**Action item**: Every line in the records below that holds the word "extrude" is to be copied.

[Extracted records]
____
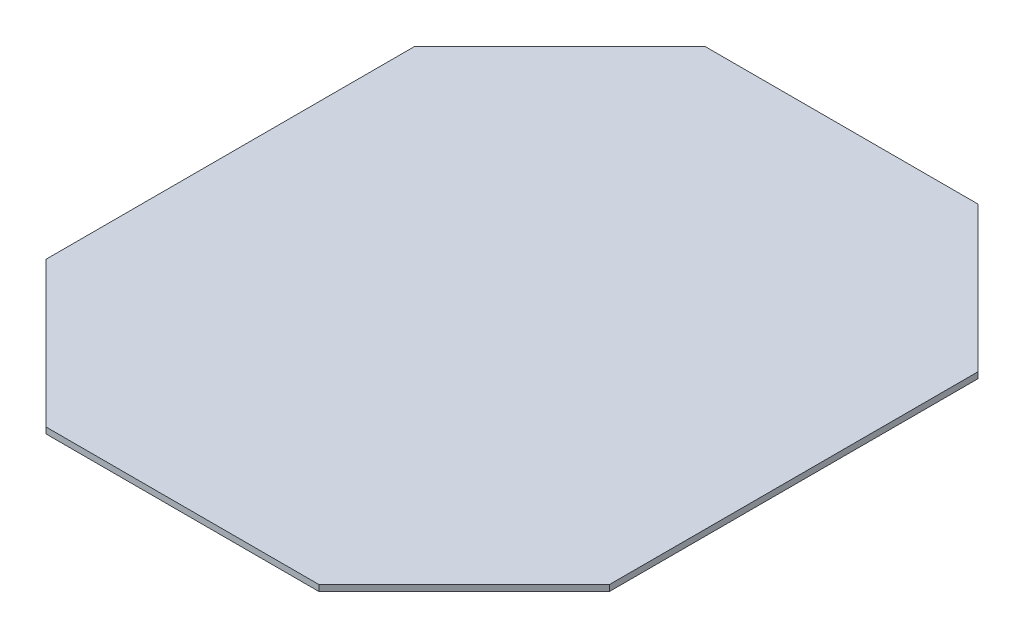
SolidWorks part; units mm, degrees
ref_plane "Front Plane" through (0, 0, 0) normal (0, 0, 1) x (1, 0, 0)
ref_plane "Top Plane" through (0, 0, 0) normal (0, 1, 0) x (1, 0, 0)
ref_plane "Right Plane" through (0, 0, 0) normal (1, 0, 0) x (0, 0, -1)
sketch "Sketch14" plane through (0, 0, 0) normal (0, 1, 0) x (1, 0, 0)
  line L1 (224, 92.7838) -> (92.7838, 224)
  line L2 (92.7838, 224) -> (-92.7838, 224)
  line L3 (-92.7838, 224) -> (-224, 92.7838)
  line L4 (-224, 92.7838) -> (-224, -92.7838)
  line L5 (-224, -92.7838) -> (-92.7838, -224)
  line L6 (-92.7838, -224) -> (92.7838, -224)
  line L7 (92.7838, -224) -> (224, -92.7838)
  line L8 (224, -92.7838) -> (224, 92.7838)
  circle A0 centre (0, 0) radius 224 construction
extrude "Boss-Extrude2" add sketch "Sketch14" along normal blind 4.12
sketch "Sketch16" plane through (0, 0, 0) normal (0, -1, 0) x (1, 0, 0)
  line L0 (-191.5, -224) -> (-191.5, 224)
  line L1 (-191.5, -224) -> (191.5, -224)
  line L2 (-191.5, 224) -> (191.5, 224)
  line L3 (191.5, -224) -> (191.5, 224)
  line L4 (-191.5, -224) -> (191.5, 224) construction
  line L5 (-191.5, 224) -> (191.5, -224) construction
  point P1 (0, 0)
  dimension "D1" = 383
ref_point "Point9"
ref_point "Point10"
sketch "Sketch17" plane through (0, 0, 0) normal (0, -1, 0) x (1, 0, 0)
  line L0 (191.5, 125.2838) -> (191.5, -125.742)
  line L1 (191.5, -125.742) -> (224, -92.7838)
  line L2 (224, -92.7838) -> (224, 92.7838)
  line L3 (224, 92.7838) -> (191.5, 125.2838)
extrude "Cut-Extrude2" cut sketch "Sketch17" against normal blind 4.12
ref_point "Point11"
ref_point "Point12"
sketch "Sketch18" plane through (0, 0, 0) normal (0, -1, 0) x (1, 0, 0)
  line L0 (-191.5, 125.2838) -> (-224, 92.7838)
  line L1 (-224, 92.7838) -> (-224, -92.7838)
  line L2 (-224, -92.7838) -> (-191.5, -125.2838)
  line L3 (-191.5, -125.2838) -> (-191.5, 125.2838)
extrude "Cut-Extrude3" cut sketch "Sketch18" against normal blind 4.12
____
**Solution to this exercise**:
extrude "Boss-Extrude2" add sketch "Sketch14" along normal blind 4.12
extrude "Cut-Extrude2" cut sketch "Sketch17" against normal blind 4.12
extrude "Cut-Extrude3" cut sketch "Sketch18" against normal blind 4.12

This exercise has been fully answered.